How desperation drove HP’s Autonomy disaster

For Leo Apotheker, the former HP CEO, a July 2011 meeting with Autonomy founder Mike Lynch at a chic seaside resort in France was pivotal to his effort to rebuild the technology giant.

How desperation drove HP's Autonomy disaster

In the nine months since taking the helm at HP, Apotheker had tried furiously to find a way to move the lumbering company away from its low-margin computer hardware business and into the lucrative corporate software and services arena.

Apotheker was looking for a big, transformative acquisition and after overtures to several companies went nowhere, he set his sights on Autonomy.

After two months of negotiations on what was known at HP as “Project Tesla,” Apotheker sat down with Lynch at a hotel in Deauville on the Normandy coast – and shook hands on what would become an $11.1 billion deal.

The Autonomy takeover was indeed a bombshell – but not in the way that Apotheker had hoped.
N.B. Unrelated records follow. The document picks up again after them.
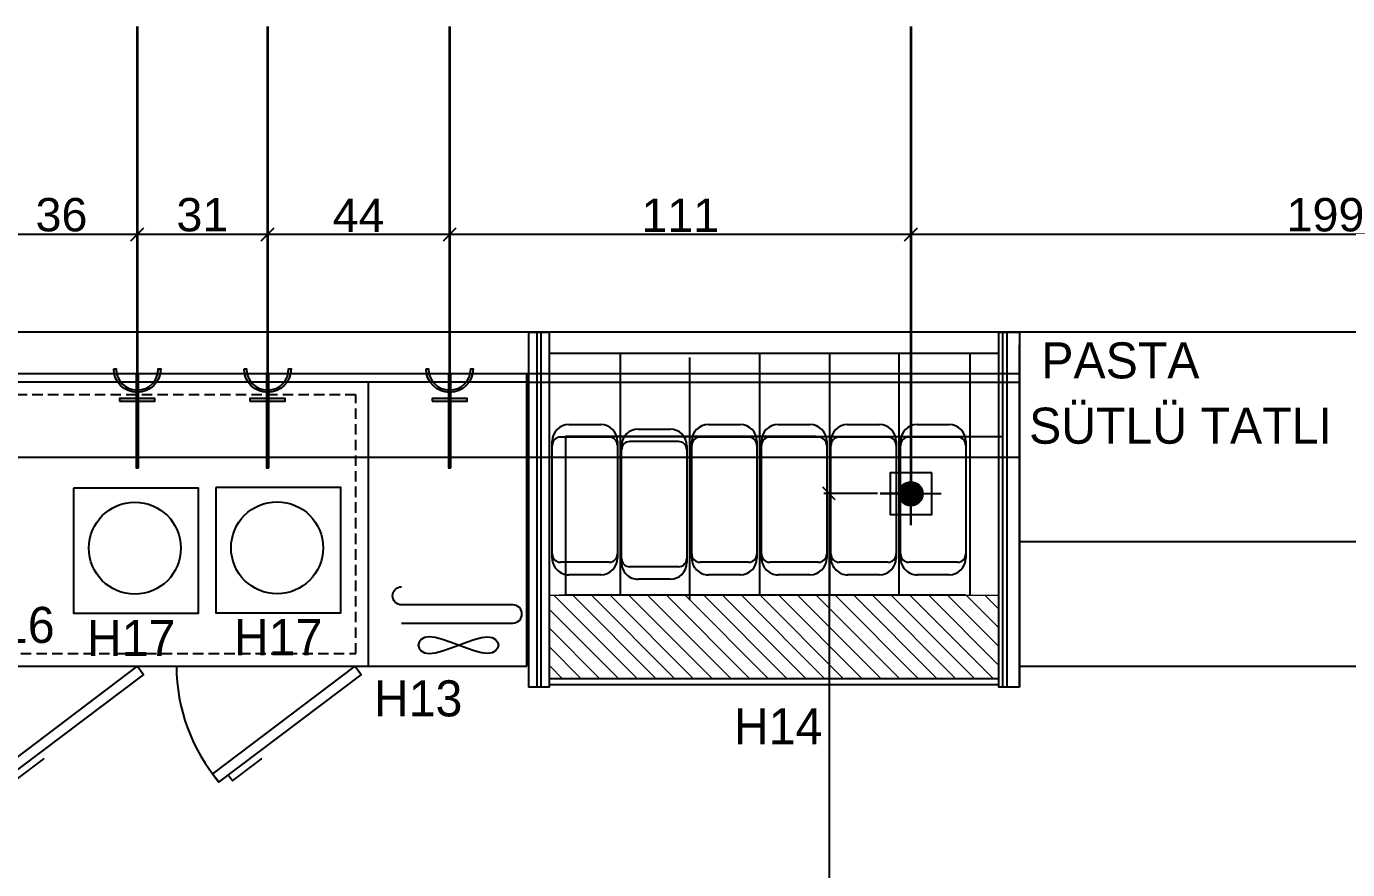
# Model space of a CAD drawing. Header units: millimetres. Extents: x 63882 to 85892, y -58394 to -53173.
# Drawn here: x 68626.9 to 68943.4, y -55242.7 to -55040.7 of the extents above; entities that cross this region are included whole.
import ezdxf
from ezdxf.enums import TextEntityAlignment as Align

# ---------------------------------------------------------------- set-up
doc = ezdxf.new("R2010")
doc.units = ezdxf.units.MM
doc.header["$LTSCALE"] = 5
doc.linetypes.add('DASHED', pattern=[0.75, 0.5, -0.25])
for name, color, linetype in [('-DWG_ANA', 7, 'Continuous'), ('CAM', 4, 'Continuous'), ('ELEKTRİK', 10, 'Continuous'), ('MAK', 1, 'Continuous'), ('OLCU', 8, 'Continuous'), ('S2000-002 Çizgi', 7, 'Continuous')]:
    doc.layers.add(name, color=color, linetype=linetype)
doc.layers.add('ELK', color=1, linetype='Continuous', lineweight=35)
doc.layers.add('t_makine', color=177, linetype='Continuous', lineweight=18)
doc.styles.get("Standard").update_dxf_attribs({"font": 'arial.ttf'})
doc.styles.add('TAKSİM', font='GOTHIC.TTF', dxfattribs={"height": 20})
doc.dimstyles.new('OLCU50', dxfattribs={"dimtxt": 8, "dimasz": 3, "dimexe": 1.25, "dimexo": 0.625, "dimtad": 1, "dimdec": 0, "dimtxsty": 'Standard', "dimblk": 'OBLIQUE', "dimcen": 2.5, "dimclrd": 256, "dimclre": 251, "dimclrt": 25, "dimadec": 0, "dimazin": 0, "dimtfac": 1, "dimtdec": 0, "dimtmove": 0, "dimatfit": 3, "dimldrblk": 'OBLIQUE', "dimfxl": 1, "dimarcsym": 0})

# ---------------------------------------------------------------- blocks, each defined once
blk = doc.blocks.new('A$C750058B0')
at = {"layer": 'S2000-002 Çizgi'}
blk.add_line((232.9999909865501, 95.81554363428585), (44.9999909865501, 95.81554363428587), dxfattribs=at)
for points in [[(232.9999909865501, 27.81554363428586), (232.9999909865501, 97.81554363428585), (44.9999909865501, 97.81554363428587), (44.9999909865501, 27.81554363428589)], [(223.5600056875428, 30.84168234974823), (222.1030107683237, 31.013712083065), (220.4009139000755, 31.46724501635617), (218.5354157324764, 32.10844674963027), (216.5882169152028, 32.84348288289403), (214.6410180979274, 33.57851901615868), (212.7755199303283, 34.21972074943278), (211.0734230620819, 34.67325368272304), (209.6164281428628, 34.84528341604073), (208.4726190473993, 34.67325368272304), (207.6556125506413, 34.21972074943278), (207.1654086525868, 33.57851901615868), (207.0020073532341, 32.84348288289493), (207.1654086525868, 32.10844674963027), (207.6556125506413, 31.46724501635617), (208.4726190473993, 31.013712083065), (209.6164281428628, 30.84168234974823), (211.0734230620819, 31.013712083065), (212.7755199303283, 31.46724501635617), (214.6410180979274, 32.10844674963027), (216.5882169152028, 32.84348288289403), (218.5354157324764, 33.57851901615868), (220.4009139000755, 34.21972074943278), (222.1030107683237, 34.67325368272304), (223.5600056875428, 34.84528341604073), (224.7038147830044, 34.67325368272304), (225.5208212797643, 34.21972074943278), (226.0110251778187, 33.57851901615868), (226.1744264771696, 32.84348288289493), (226.0110251778187, 32.10844674963027), (225.5208212797624, 31.46724501635617), (224.7038147830044, 31.013712083065)], [(81.69131034375917, 0.1504688225732309), (47.46234723069486, 25.76180584750185), (48.99902745219063, 27.81554363428589), (83.22799056525494, 2.20420660935727)], [(107.0589862014849, -1.286411495017829e-05), (141.169466500035, 25.7689148163727), (139.6233308392057, 27.81554363428589), (105.5128505406556, 2.046615953798237)], [(159.2331020383271, -1.28641149786e-05), (193.3435823368773, 25.76891481637267), (191.7974466760479, 27.81554363428586), (157.6869663774978, 2.046615953798209)]]:
    blk.add_lwpolyline(points, close=True, dxfattribs=at)
blk.add_lwpolyline([(194.9999909865501, 95.81554363428585), (194.9999909865501, 27.81554363428586)], dxfattribs=at)
at = {"layer": 'S2000-002 Çizgi', "linetype": 'DASHED'}
blk.add_lwpolyline([(191.99999098655, 92.81554363428585), (47.9999909865501, 92.81554363428587), (47.9999909865501, 30.81554363428589), (191.99999098655, 30.81554363428586)], close=True, dxfattribs=at)
at = {"layer": 'S2000-002 Çizgi'}
for points in [[(229.6686557822813, 42.49721189235333), (202.9968573629358, 42.49721189235333, -1), (202.9968573629358, 46.84301588381095)], [(202.9968573629358, 38.15140790089481), (229.6686557822813, 38.15140790089481, 1), (229.6686557822813, 42.49721189235333)]]:
    blk.add_lwpolyline(points, format="xyb", dxfattribs=at)
at = {"layer": 'S2000-002 Çizgi', "const_width": 0.4275000000000001}
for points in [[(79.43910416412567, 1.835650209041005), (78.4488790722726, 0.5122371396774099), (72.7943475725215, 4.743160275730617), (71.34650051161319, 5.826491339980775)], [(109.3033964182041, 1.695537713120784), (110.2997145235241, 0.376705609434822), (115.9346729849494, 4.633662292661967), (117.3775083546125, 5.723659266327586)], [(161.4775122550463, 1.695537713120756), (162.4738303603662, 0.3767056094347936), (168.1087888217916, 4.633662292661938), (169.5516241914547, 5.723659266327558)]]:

When it was announced in August 2011, HP’s stock plummeted amid withering criticism of the price tag. Within weeks, Apotheker was out of a job. Within months, Lynch and his new masters at HP were at war.

What happened is he talked to Autonomy and they got into a dialogue – it was out of frustration and desperation to a large degree

Inside a year, Lynch had been forced out and HP was investigating allegations of major accounting irregularities at Autonomy. That culminated in HP saying last week it was writing off more than three-quarters of the value of Autonomy, and telling US and UK regulators about alleged accounting fraud.

The implosion of the Autonomy deal has raised questions about how HP and its army of lawyers, accountants and investment bankers could have overlooked warning signs and gone ahead with the acquisition.

After speaking with numerous employees at the company, the picture that emerges is of a firm so desperate to plot a new course that it may have been far too accepting of Autonomy’s published and audited accounts.

It has also cast a shadow over Lynch, widely regarded as a brilliant but difficult executive; he left HP in May and has flatly rejected the company’s claims of accounting shenanigans or that HP had been deliberately deceived.

Apotheker’s anti-Midas touch

Apotheker’s appointment as CEO of HP in November 2010 was greeted even at the time with head-scratching – and criticism. A veteran of the German corporate software maker SAP, he had no obvious qualifications to run HP – a company with sales several times SAP’s – especially given his lack of experience in the computer hardware business.

But the US company was reeling from a series of boardroom imbroglios that culminated in the firing of then-CEO Mark Hurd in a sexual harassment scandal in August 2010.

Apotheker went on the acquisition trail almost immediately, even though previous HP takeovers like Compaq and Palm had not worked out well. He was given the mandate of moving HP in a new direction – software seemed logical given the decline in HP’s traditional computer business – and felt the need for a transformative acquisition to do that, according to one of the sources.